The highly unsaturated lipids in fat-rich fish are easily susceptible to oxidation that results in a rancid smell and taste as well as alterations in texture, colour and nutritional value (Olafsdottir et al., 1997). TBA (thiobarbituric acid) value is a widely used indicator for the assessment of degree of lipid oxidation. It has been suggested that a maximum TBA value, indicating the good quality of the fish is 5 mg malonaldehyde kg^-1 while fish may be consumed up to a TBA value of 8 mg malonaldehyde (MA)/kg (Schormuller, 1969).

In the present study, the TBA value of fresh raw sardine was 1.03 mg MA kg^-1. After the treatment processes, sharp increases (p<0.01) in the initial TBA values to high levels of 5.56, 3.01, 3.89 and 3.97 were measured for groups A, B, C and D, respectively. During storage, there was a tendency towards an increase in TBA values up to a maximal point (at 5 months of storage, groups A).

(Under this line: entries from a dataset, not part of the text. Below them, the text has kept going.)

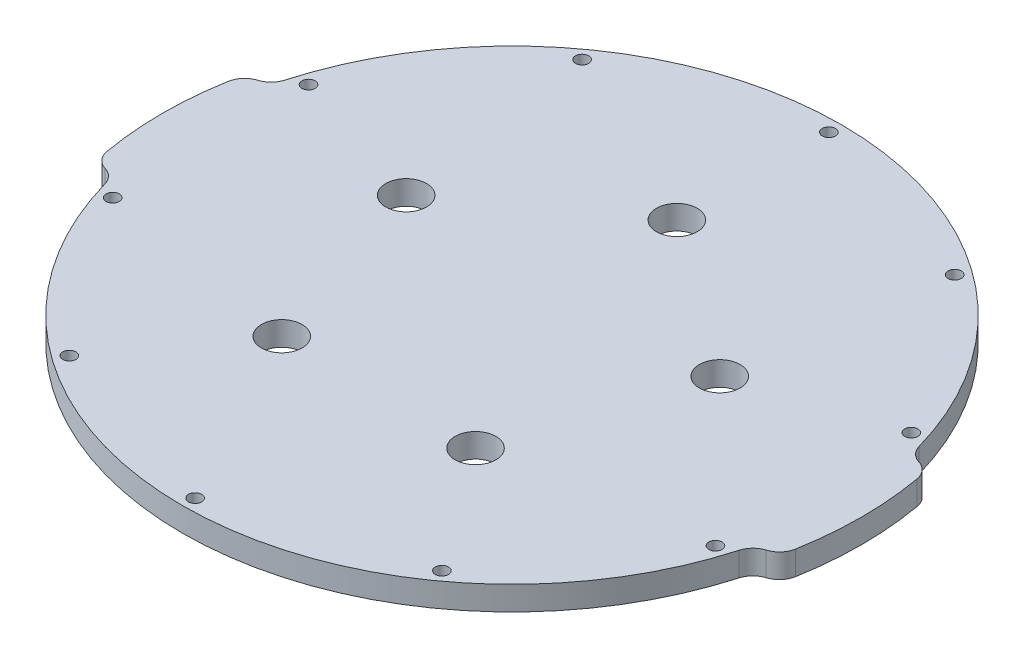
ISO-10303-21;
HEADER;
FILE_DESCRIPTION(('STEP AP214'),'2;1');
FILE_NAME('part.step','',(''),(''),'','','');
FILE_SCHEMA(('AUTOMOTIVE_DESIGN { 1 0 10303 214 1 1 1 1 }'));
ENDSEC;
DATA;
#1=APPLICATION_CONTEXT('core data for automotive mechanical design processes');
#2=APPLICATION_PROTOCOL_DEFINITION('international standard','automotive_design',2000,#1);
#3=PRODUCT_CONTEXT('',#1,'mechanical');
#4=PRODUCT('Part','Part','',(#3));
#5=PRODUCT_RELATED_PRODUCT_CATEGORY('part','',(#4));
#6=PRODUCT_DEFINITION_FORMATION('','',#4);
#7=PRODUCT_DEFINITION_CONTEXT('part definition',#1,'design');
#8=PRODUCT_DEFINITION('design','',#6,#7);
#9=PRODUCT_DEFINITION_SHAPE('','',#8);
#10=(LENGTH_UNIT() NAMED_UNIT(*) SI_UNIT(.MILLI.,.METRE.));
#11=(NAMED_UNIT(*) PLANE_ANGLE_UNIT() SI_UNIT($,.RADIAN.));
#12=(NAMED_UNIT(*) SI_UNIT($,.STERADIAN.) SOLID_ANGLE_UNIT());
#13=UNCERTAINTY_MEASURE_WITH_UNIT(LENGTH_MEASURE(1.E-05),#10,'distance_accuracy_value','');
#14=(GEOMETRIC_REPRESENTATION_CONTEXT(3) GLOBAL_UNCERTAINTY_ASSIGNED_CONTEXT((#13)) GLOBAL_UNIT_ASSIGNED_CONTEXT((#10,
#11,#12)) REPRESENTATION_CONTEXT('',''));
#15=CARTESIAN_POINT('',(0.,0.,0.));
#16=DIRECTION('',(0.,0.,1.));
#17=DIRECTION('',(1.,0.,0.));
#18=AXIS2_PLACEMENT_3D('',#15,#16,#17);
#19=CARTESIAN_POINT('',(-40.6479400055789,6.,-7.16732853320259));
#20=DIRECTION('',(0.,-1.,0.));
#21=DIRECTION('',(0.,0.,-1.));
#22=AXIS2_PLACEMENT_3D('',#19,#20,#21);
#23=PLANE('',#22);
#24=CARTESIAN_POINT('',(-39.2548577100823,6.,-12.7546764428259));
#25=DIRECTION('',(0.,1.,0.));
#26=DIRECTION('',(0.,0.,1.));
#27=AXIS2_PLACEMENT_3D('',#24,#25,#26);
#28=CIRCLE('',#27,5.1);
#29=CARTESIAN_POINT('',(-39.2548577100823,6.,-7.65467644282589));
#30=VERTEX_POINT('',#29);
#31=EDGE_CURVE('E384',#30,#30,#28,.T.);
#32=ORIENTED_EDGE('',*,*,#31,.F.);
#33=EDGE_LOOP('',(#32));
#34=FACE_BOUND('',#33,.T.);
#35=CARTESIAN_POINT('',(-24.2608362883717,6.,33.3921764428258));
#36=DIRECTION('',(0.,1.,0.));
#37=DIRECTION('',(0.,0.,1.));
#38=AXIS2_PLACEMENT_3D('',#35,#36,#37);
#39=CIRCLE('',#38,5.1);
#40=CARTESIAN_POINT('',(-24.2608362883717,6.,38.4921764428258));
#41=VERTEX_POINT('',#40);
#42=EDGE_CURVE('E378',#41,#41,#39,.T.);
#43=ORIENTED_EDGE('',*,*,#42,.F.);
#44=EDGE_LOOP('',(#43));
#45=FACE_BOUND('',#44,.T.);
#46=CARTESIAN_POINT('',(24.2608362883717,6.,33.3921764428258));
#47=DIRECTION('',(0.,1.,0.));
#48=DIRECTION('',(0.,0.,1.));
#49=AXIS2_PLACEMENT_3D('',#46,#47,#48);
#50=CIRCLE('',#49,5.1);
#51=CARTESIAN_POINT('',(24.2608362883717,6.,38.4921764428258));
#52=VERTEX_POINT('',#51);
#53=EDGE_CURVE('E372',#52,#52,#50,.T.);
#54=ORIENTED_EDGE('',*,*,#53,.F.);
#55=EDGE_LOOP('',(#54));
#56=FACE_BOUND('',#55,.T.);
#57=CARTESIAN_POINT('',(39.2548577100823,6.,-12.7546764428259));
#58=DIRECTION('',(0.,1.,0.));
#59=DIRECTION('',(0.,0.,1.));
#60=AXIS2_PLACEMENT_3D('',#57,#58,#59);
#61=CIRCLE('',#60,5.09999999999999);
#62=CARTESIAN_POINT('',(39.2548577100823,6.,-7.65467644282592));
#63=VERTEX_POINT('',#62);
#64=EDGE_CURVE('E366',#63,#63,#61,.T.);
#65=ORIENTED_EDGE('',*,*,#64,.F.);
#66=EDGE_LOOP('',(#65));
#67=FACE_BOUND('',#66,.T.);
#68=CARTESIAN_POINT('',(0.,6.,-41.2749999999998));
#69=DIRECTION('',(0.,1.,0.));
#70=DIRECTION('',(0.,0.,1.));
#71=AXIS2_PLACEMENT_3D('',#68,#69,#70);
#72=CIRCLE('',#71,5.1);
#73=CARTESIAN_POINT('',(0.,6.,-36.1749999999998));
#74=VERTEX_POINT('',#73);
#75=EDGE_CURVE('E360',#74,#74,#72,.T.);
#76=ORIENTED_EDGE('',*,*,#75,.F.);
#77=EDGE_LOOP('',(#76));
#78=FACE_BOUND('',#77,.T.);
#79=CARTESIAN_POINT('',(-75.4663345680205,6.,-24.5204985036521));
#80=DIRECTION('',(0.,1.,0.));
#81=DIRECTION('',(0.,0.,1.));
#82=AXIS2_PLACEMENT_3D('',#79,#80,#81);
#83=CIRCLE('',#82,1.6500000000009);
#84=CARTESIAN_POINT('',(-75.4663345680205,6.,-22.8704985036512));
#85=VERTEX_POINT('',#84);
#86=EDGE_CURVE('E345',#85,#85,#83,.T.);
#87=ORIENTED_EDGE('',*,*,#86,.F.);
#88=EDGE_LOOP('',(#87));
#89=FACE_BOUND('',#88,.T.);
#90=CARTESIAN_POINT('',(-46.6407597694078,6.,64.1954985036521));
#91=DIRECTION('',(0.,1.,0.));
#92=DIRECTION('',(0.,0.,1.));
#93=AXIS2_PLACEMENT_3D('',#90,#91,#92);
#94=CIRCLE('',#93,1.65000000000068);
#95=CARTESIAN_POINT('',(-46.6407597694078,6.,65.8454985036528));
#96=VERTEX_POINT('',#95);
#97=EDGE_CURVE('E333',#96,#96,#94,.T.);
#98=ORIENTED_EDGE('',*,*,#97,.F.);
#99=EDGE_LOOP('',(#98));
#100=FACE_BOUND('',#99,.T.);
#101=CARTESIAN_POINT('',(46.6407597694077,6.,64.1954985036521));
#102=DIRECTION('',(0.,1.,0.));
#103=DIRECTION('',(0.,0.,1.));
#104=AXIS2_PLACEMENT_3D('',#101,#102,#103);
#105=CIRCLE('',#104,1.65000000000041);
#106=CARTESIAN_POINT('',(46.6407597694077,6.,65.8454985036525));
#107=VERTEX_POINT('',#106);
#108=EDGE_CURVE('E321',#107,#107,#105,.T.);
#109=ORIENTED_EDGE('',*,*,#108,.F.);
#110=EDGE_LOOP('',(#109));
#111=FACE_BOUND('',#110,.T.);
#112=CARTESIAN_POINT('',(75.4663345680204,6.,-24.5204985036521));
#113=DIRECTION('',(0.,1.,0.));
#114=DIRECTION('',(0.,0.,1.));
#115=AXIS2_PLACEMENT_3D('',#112,#113,#114);
#116=CIRCLE('',#115,1.65000000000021);
#117=CARTESIAN_POINT('',(75.4663345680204,6.,-22.8704985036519));
#118=VERTEX_POINT('',#117);
#119=EDGE_CURVE('E309',#118,#118,#116,.T.);
#120=ORIENTED_EDGE('',*,*,#119,.F.);
#121=EDGE_LOOP('',(#120));
#122=FACE_BOUND('',#121,.T.);
#123=CARTESIAN_POINT('',(0.,6.,-79.35));
#124=DIRECTION('',(0.,1.,0.));
#125=DIRECTION('',(0.,0.,1.));
#126=AXIS2_PLACEMENT_3D('',#123,#124,#125);
#127=CIRCLE('',#126,1.65);
#128=CARTESIAN_POINT('',(0.,6.,-77.7));
#129=VERTEX_POINT('',#128);
#130=EDGE_CURVE('E277',#129,#129,#127,.T.);
#131=ORIENTED_EDGE('',*,*,#130,.F.);
#132=EDGE_LOOP('',(#131));
#133=FACE_BOUND('',#132,.T.);
#134=CARTESIAN_POINT('',(0.,6.,0.));
#135=DIRECTION('',(0.,1.,0.));
#136=DIRECTION('',(0.,0.,-1.));
#137=AXIS2_PLACEMENT_3D('',#134,#135,#136);
#138=CIRCLE('',#137,82.55);
#139=CARTESIAN_POINT('',(79.4156922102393,6.,-22.5310969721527));
#140=VERTEX_POINT('',#139);
#141=CARTESIAN_POINT('',(-79.4156922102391,6.,-22.531096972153));
#142=VERTEX_POINT('',#141);
#143=EDGE_CURVE('E272',#140,#142,#138,.T.);
#144=ORIENTED_EDGE('',*,*,#143,.T.);
#145=CARTESIAN_POINT('',(-84.2258492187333,6.,-23.8957909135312));
#146=DIRECTION('',(0.,-1.,0.));
#147=DIRECTION('',(0.,0.,-1.));
#148=AXIS2_PLACEMENT_3D('',#145,#146,#147);
#149=CIRCLE('',#148,5.);
#150=CARTESIAN_POINT('',(-82.7608646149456,6.,-19.1152239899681));
#151=VERTEX_POINT('',#150);
#152=EDGE_CURVE('E127',#142,#151,#149,.T.);
#153=ORIENTED_EDGE('',*,*,#152,.T.);
#154=CARTESIAN_POINT('',(-81.2958800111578,6.,-14.3346570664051));
#155=DIRECTION('',(0.,1.,0.));
#156=DIRECTION('',(0.,0.,-1.));
#157=AXIS2_PLACEMENT_3D('',#154,#155,#156);
#158=CIRCLE('',#157,5.00000000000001);
#159=CARTESIAN_POINT('',(-86.2199187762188,6.,-15.2028979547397));
#160=VERTEX_POINT('',#159);
#161=EDGE_CURVE('E120',#151,#160,#158,.T.);
#162=ORIENTED_EDGE('',*,*,#161,.T.);
#163=CARTESIAN_POINT('',(0.,6.,0.));
#164=DIRECTION('',(0.,1.,0.));
#165=DIRECTION('',(0.,0.,-1.));
#166=AXIS2_PLACEMENT_3D('',#163,#164,#165);
#167=CIRCLE('',#166,87.55);
#168=CARTESIAN_POINT('',(-86.2199187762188,6.,15.2028979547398));
#169=VERTEX_POINT('',#168);
#170=EDGE_CURVE('E124',#160,#169,#167,.T.);
#171=ORIENTED_EDGE('',*,*,#170,.T.);
#172=CARTESIAN_POINT('',(-81.2958800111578,6.,14.3346570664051));
#173=DIRECTION('',(0.,1.,0.));
#174=DIRECTION('',(0.,0.,1.));
#175=AXIS2_PLACEMENT_3D('',#172,#173,#174);
#176=CIRCLE('',#175,5.00000000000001);
#177=CARTESIAN_POINT('',(-82.7608646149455,6.,19.1152239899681));
#178=VERTEX_POINT('',#177);
#179=EDGE_CURVE('E140',#169,#178,#176,.T.);
#180=ORIENTED_EDGE('',*,*,#179,.T.);
#181=CARTESIAN_POINT('',(-84.2258492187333,6.,23.8957909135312));
#182=DIRECTION('',(0.,-1.,0.));
#183=DIRECTION('',(0.,0.,-1.));
#184=AXIS2_PLACEMENT_3D('',#181,#182,#183);
#185=CIRCLE('',#184,5.);
#186=CARTESIAN_POINT('',(-79.4156922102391,6.,22.531096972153));
#187=VERTEX_POINT('',#186);
#188=EDGE_CURVE('E11',#178,#187,#185,.T.);
#189=ORIENTED_EDGE('',*,*,#188,.T.);
#190=CARTESIAN_POINT('',(0.,6.,-4.92661467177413E-13));
#191=DIRECTION('',(0.,1.,0.));
#192=DIRECTION('',(0.,0.,-1.));
#193=AXIS2_PLACEMENT_3D('',#190,#191,#192);
#194=CIRCLE('',#193,82.5500000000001);
#195=CARTESIAN_POINT('',(79.4156922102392,6.,22.5310969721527));
#196=VERTEX_POINT('',#195);
#197=EDGE_CURVE('E259',#187,#196,#194,.T.);
#198=ORIENTED_EDGE('',*,*,#197,.T.);
#199=CARTESIAN_POINT('',(84.2258492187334,6.,23.8957909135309));
#200=DIRECTION('',(0.,-1.,0.));
#201=DIRECTION('',(0.,0.,-1.));
#202=AXIS2_PLACEMENT_3D('',#199,#200,#201);
#203=CIRCLE('',#202,5.);
#204=CARTESIAN_POINT('',(82.7608646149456,6.,19.1152239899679));
#205=VERTEX_POINT('',#204);
#206=EDGE_CURVE('E171',#196,#205,#203,.T.);
#207=ORIENTED_EDGE('',*,*,#206,.T.);
#208=CARTESIAN_POINT('',(81.2958800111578,6.,14.3346570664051));
#209=DIRECTION('',(0.,1.,0.));
#210=DIRECTION('',(0.,0.,-1.));
#211=AXIS2_PLACEMENT_3D('',#208,#209,#210);
#212=CIRCLE('',#211,4.99999999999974);
#213=CARTESIAN_POINT('',(86.2199187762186,6.,15.2028979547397));
#214=VERTEX_POINT('',#213);
#215=EDGE_CURVE('E256',#205,#214,#212,.T.);
#216=ORIENTED_EDGE('',*,*,#215,.T.);
#217=CARTESIAN_POINT('',(-1.29063426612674E-12,6.,0.));
#218=DIRECTION('',(0.,1.,0.));
#219=DIRECTION('',(0.,0.,1.));
#220=AXIS2_PLACEMENT_3D('',#217,#218,#219);
#221=CIRCLE('',#220,87.550000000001);
#222=CARTESIAN_POINT('',(86.2199187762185,6.,-15.2028979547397));
#223=VERTEX_POINT('',#222);
#224=EDGE_CURVE('E263',#214,#223,#221,.T.);
#225=ORIENTED_EDGE('',*,*,#224,.T.);
#226=CARTESIAN_POINT('',(81.2958800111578,6.,-14.3346570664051));
#227=DIRECTION('',(0.,1.,0.));
#228=DIRECTION('',(0.,0.,1.));
#229=AXIS2_PLACEMENT_3D('',#226,#227,#228);
#230=CIRCLE('',#229,4.99999999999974);
#231=CARTESIAN_POINT('',(82.7608646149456,6.,-19.1152239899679));
#232=VERTEX_POINT('',#231);
#233=EDGE_CURVE('E265',#223,#232,#230,.T.);
#234=ORIENTED_EDGE('',*,*,#233,.T.);
#235=CARTESIAN_POINT('',(84.2258492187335,6.,-23.8957909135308));
#236=DIRECTION('',(0.,-1.,0.));
#237=DIRECTION('',(0.,0.,-1.));
#238=AXIS2_PLACEMENT_3D('',#235,#236,#237);
#239=CIRCLE('',#238,5.);
#240=EDGE_CURVE('E175',#232,#140,#239,.T.);
#241=ORIENTED_EDGE('',*,*,#240,.T.);
#242=EDGE_LOOP('',(#144,#153,#162,#171,#180,#189,#198,#207,#216,#225,#234,#241));
#243=FACE_BOUND('',#242,.T.);
#244=CARTESIAN_POINT('',(46.6407597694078,6.,-64.1954985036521));
#245=DIRECTION('',(0.,1.,0.));
#246=DIRECTION('',(0.,0.,1.));
#247=AXIS2_PLACEMENT_3D('',#244,#245,#246);
#248=CIRCLE('',#247,1.65000000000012);
#249=CARTESIAN_POINT('',(46.6407597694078,6.,-62.5454985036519));
#250=VERTEX_POINT('',#249);
#251=EDGE_CURVE('E303',#250,#250,#248,.T.);
#252=ORIENTED_EDGE('',*,*,#251,.F.);
#253=EDGE_LOOP('',(#252));
#254=FACE_BOUND('',#253,.T.);
#255=CARTESIAN_POINT('',(75.4663345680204,6.,24.5204985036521));
#256=DIRECTION('',(0.,1.,0.));
#257=DIRECTION('',(0.,0.,1.));
#258=AXIS2_PLACEMENT_3D('',#255,#256,#257);
#259=CIRCLE('',#258,1.65000000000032);
#260=CARTESIAN_POINT('',(75.4663345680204,6.,26.1704985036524));
#261=VERTEX_POINT('',#260);
#262=EDGE_CURVE('E315',#261,#261,#259,.T.);
#263=ORIENTED_EDGE('',*,*,#262,.F.);
#264=EDGE_LOOP('',(#263));
#265=FACE_BOUND('',#264,.T.);
#266=CARTESIAN_POINT('',(0.,6.,79.35));
#267=DIRECTION('',(0.,1.,0.));
#268=DIRECTION('',(0.,0.,1.));
#269=AXIS2_PLACEMENT_3D('',#266,#267,#268);
#270=CIRCLE('',#269,1.65000000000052);
#271=CARTESIAN_POINT('',(0.,6.,81.0000000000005));
#272=VERTEX_POINT('',#271);
#273=EDGE_CURVE('E327',#272,#272,#270,.T.);
#274=ORIENTED_EDGE('',*,*,#273,.F.);
#275=EDGE_LOOP('',(#274));
#276=FACE_BOUND('',#275,.T.);
#277=CARTESIAN_POINT('',(-75.4663345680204,6.,24.5204985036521));
#278=DIRECTION('',(0.,1.,0.));
#279=DIRECTION('',(0.,0.,1.));
#280=AXIS2_PLACEMENT_3D('',#277,#278,#279);
#281=CIRCLE('',#280,1.65000000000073);
#282=CARTESIAN_POINT('',(-75.4663345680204,6.,26.1704985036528));
#283=VERTEX_POINT('',#282);
#284=EDGE_CURVE('E339',#283,#283,#281,.T.);
#285=ORIENTED_EDGE('',*,*,#284,.F.);
#286=EDGE_LOOP('',(#285));
#287=FACE_BOUND('',#286,.T.);
#288=CARTESIAN_POINT('',(-46.6407597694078,6.,-64.1954985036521));
#289=DIRECTION('',(0.,1.,0.));
#290=DIRECTION('',(0.,0.,1.));
#291=AXIS2_PLACEMENT_3D('',#288,#289,#290);
#292=CIRCLE('',#291,1.65000000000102);
#293=CARTESIAN_POINT('',(-46.6407597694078,6.,-62.545498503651));
#294=VERTEX_POINT('',#293);
#295=EDGE_CURVE('E351',#294,#294,#292,.T.);
#296=ORIENTED_EDGE('',*,*,#295,.F.);
#297=EDGE_LOOP('',(#296));
#298=FACE_BOUND('',#297,.T.);
#299=ADVANCED_FACE('F32',(#34,#45,#56,#67,#78,#89,#100,#111,#122,#133,#243,#254,#265,#276,#287,
#298),#23,.F.);
#300=CARTESIAN_POINT('',(-40.6479400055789,0.,-7.16732853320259));
#301=DIRECTION('',(0.,-1.,0.));
#302=DIRECTION('',(0.,0.,-1.));
#303=AXIS2_PLACEMENT_3D('',#300,#301,#302);
#304=PLANE('',#303);
#305=CARTESIAN_POINT('',(-39.2548577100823,0.,-12.7546764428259));
#306=DIRECTION('',(0.,1.,0.));
#307=DIRECTION('',(0.,0.,1.));
#308=AXIS2_PLACEMENT_3D('',#305,#306,#307);
#309=CIRCLE('',#308,5.1);
#310=CARTESIAN_POINT('',(-39.2548577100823,0.,-7.65467644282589));
#311=VERTEX_POINT('',#310);
#312=EDGE_CURVE('E381',#311,#311,#309,.T.);
#313=ORIENTED_EDGE('',*,*,#312,.T.);
#314=EDGE_LOOP('',(#313));
#315=FACE_BOUND('',#314,.T.);
#316=CARTESIAN_POINT('',(-24.2608362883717,0.,33.3921764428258));
#317=DIRECTION('',(0.,1.,0.));
#318=DIRECTION('',(0.,0.,1.));
#319=AXIS2_PLACEMENT_3D('',#316,#317,#318);
#320=CIRCLE('',#319,5.1);
#321=CARTESIAN_POINT('',(-24.2608362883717,0.,38.4921764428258));
#322=VERTEX_POINT('',#321);
#323=EDGE_CURVE('E375',#322,#322,#320,.T.);
#324=ORIENTED_EDGE('',*,*,#323,.T.);
#325=EDGE_LOOP('',(#324));
#326=FACE_BOUND('',#325,.T.);
#327=CARTESIAN_POINT('',(24.2608362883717,0.,33.3921764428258));
#328=DIRECTION('',(0.,1.,0.));
#329=DIRECTION('',(0.,0.,1.));
#330=AXIS2_PLACEMENT_3D('',#327,#328,#329);
#331=CIRCLE('',#330,5.1);
#332=CARTESIAN_POINT('',(24.2608362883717,0.,38.4921764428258));
#333=VERTEX_POINT('',#332);
#334=EDGE_CURVE('E369',#333,#333,#331,.T.);
#335=ORIENTED_EDGE('',*,*,#334,.T.);
#336=EDGE_LOOP('',(#335));
#337=FACE_BOUND('',#336,.T.);
#338=CARTESIAN_POINT('',(39.2548577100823,0.,-12.7546764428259));
#339=DIRECTION('',(0.,1.,0.));
#340=DIRECTION('',(0.,0.,1.));
#341=AXIS2_PLACEMENT_3D('',#338,#339,#340);
#342=CIRCLE('',#341,5.09999999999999);
#343=CARTESIAN_POINT('',(39.2548577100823,0.,-7.65467644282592));
#344=VERTEX_POINT('',#343);
#345=EDGE_CURVE('E363',#344,#344,#342,.T.);
#346=ORIENTED_EDGE('',*,*,#345,.T.);
#347=EDGE_LOOP('',(#346));
#348=FACE_BOUND('',#347,.T.);
#349=CARTESIAN_POINT('',(0.,0.,-41.2749999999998));
#350=DIRECTION('',(0.,1.,0.));
#351=DIRECTION('',(0.,0.,1.));
#352=AXIS2_PLACEMENT_3D('',#349,#350,#351);
#353=CIRCLE('',#352,5.1);
#354=CARTESIAN_POINT('',(0.,0.,-36.1749999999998));
#355=VERTEX_POINT('',#354);
#356=EDGE_CURVE('E357',#355,#355,#353,.T.);
#357=ORIENTED_EDGE('',*,*,#356,.T.);
#358=EDGE_LOOP('',(#357));
#359=FACE_BOUND('',#358,.T.);
#360=CARTESIAN_POINT('',(-75.4663345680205,0.,-24.5204985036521));
#361=DIRECTION('',(0.,1.,0.));
#362=DIRECTION('',(0.,0.,1.));
#363=AXIS2_PLACEMENT_3D('',#360,#361,#362);
#364=CIRCLE('',#363,1.6500000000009);
#365=CARTESIAN_POINT('',(-75.4663345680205,0.,-22.8704985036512));
#366=VERTEX_POINT('',#365);
#367=EDGE_CURVE('E348',#366,#366,#364,.T.);
#368=ORIENTED_EDGE('',*,*,#367,.T.);
#369=EDGE_LOOP('',(#368));
#370=FACE_BOUND('',#369,.T.);
#371=CARTESIAN_POINT('',(-46.6407597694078,0.,64.1954985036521));
#372=DIRECTION('',(0.,1.,0.));
#373=DIRECTION('',(0.,0.,1.));
#374=AXIS2_PLACEMENT_3D('',#371,#372,#373);
#375=CIRCLE('',#374,1.65000000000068);
#376=CARTESIAN_POINT('',(-46.6407597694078,0.,65.8454985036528));
#377=VERTEX_POINT('',#376);
#378=EDGE_CURVE('E336',#377,#377,#375,.T.);
#379=ORIENTED_EDGE('',*,*,#378,.T.);
#380=EDGE_LOOP('',(#379));
#381=FACE_BOUND('',#380,.T.);
#382=CARTESIAN_POINT('',(46.6407597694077,0.,64.1954985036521));
#383=DIRECTION('',(0.,1.,0.));
#384=DIRECTION('',(0.,0.,1.));
#385=AXIS2_PLACEMENT_3D('',#382,#383,#384);
#386=CIRCLE('',#385,1.65000000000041);
#387=CARTESIAN_POINT('',(46.6407597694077,0.,65.8454985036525));
#388=VERTEX_POINT('',#387);
#389=EDGE_CURVE('E324',#388,#388,#386,.T.);
#390=ORIENTED_EDGE('',*,*,#389,.T.);
#391=EDGE_LOOP('',(#390));
#392=FACE_BOUND('',#391,.T.);
#393=CARTESIAN_POINT('',(75.4663345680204,0.,-24.5204985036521));
#394=DIRECTION('',(0.,1.,0.));
#395=DIRECTION('',(0.,0.,1.));
#396=AXIS2_PLACEMENT_3D('',#393,#394,#395);
#397=CIRCLE('',#396,1.65000000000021);
#398=CARTESIAN_POINT('',(75.4663345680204,0.,-22.8704985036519));
#399=VERTEX_POINT('',#398);
#400=EDGE_CURVE('E312',#399,#399,#397,.T.);
#401=ORIENTED_EDGE('',*,*,#400,.T.);
#402=EDGE_LOOP('',(#401));
#403=FACE_BOUND('',#402,.T.);
#404=CARTESIAN_POINT('',(0.,0.,-79.35));
#405=DIRECTION('',(0.,1.,0.));
#406=DIRECTION('',(0.,0.,1.));
#407=AXIS2_PLACEMENT_3D('',#404,#405,#406);
#408=CIRCLE('',#407,1.65);
#409=CARTESIAN_POINT('',(0.,0.,-77.7));
#410=VERTEX_POINT('',#409);
#411=EDGE_CURVE('E300',#410,#410,#408,.T.);
#412=ORIENTED_EDGE('',*,*,#411,.T.);
#413=EDGE_LOOP('',(#412));
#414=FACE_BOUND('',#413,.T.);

The decrease in TBA content after the peak point has been attributed to the interaction between MA and decomposition products of protein to give tertiary degradation products (Fernandez et al., 1997; Reddy and Setty, 1996). The present result indicated that oxidative rancidity in marinated fillet samples increased throughout the entire period of storage at 4°C and its level was within the acceptability limits for fish consumption for B, C and D groups. However, groups A values (end of storage time) than higer acceptability limits (5.56 mg MA kg^-1). TBA levels were reported in salted anchovies during 9 weeks of ripening in cans at 20°C (Hernandez-Herrero et al., 2002) and also in non-pasteurized sardine marinade in tomato sauce during 6 months of storage at 4°C (Kilinc and Cakli, 2005) than higer this study who also concluded that TBA may not be a reliable criterion for anchovies salted under the condition used. The salt and water activity values of sardine fillets insignificant (p>0.05) during the storage periods (Table 2). Sensory scores of dry salted sardine significantly decreased (p<0.05) throughout the storage (Table 3). Sensory scores of sardine salted with potassium sorbate were significantly higher (p<0.05) than those found in sardine dry salted (A group). The samples had good quality up to 5 months.

CONCLUSION

In this study, the shelf life of gutted and ungutted sardine samples in salted and potassium sorbate with salt were determined as 5 months at 4°C. At the end of this study while the differences between salt, a_w and pH value of salted and potassium sorbate with salted samples were not statistically significant (p>0.05), the difference between TVB-N, TBA, MAB, LAB, Enterobacteriaceae, yeast and moulds count of salted and potassium sorbate with salted sardine samples were significant (p<0.05). The dry salted and fillets process affect the shelf life of the sardine. At the end of the storage of 5 months A group were found unconsumable according to the results of chemical and microbiological values and sensory analysis.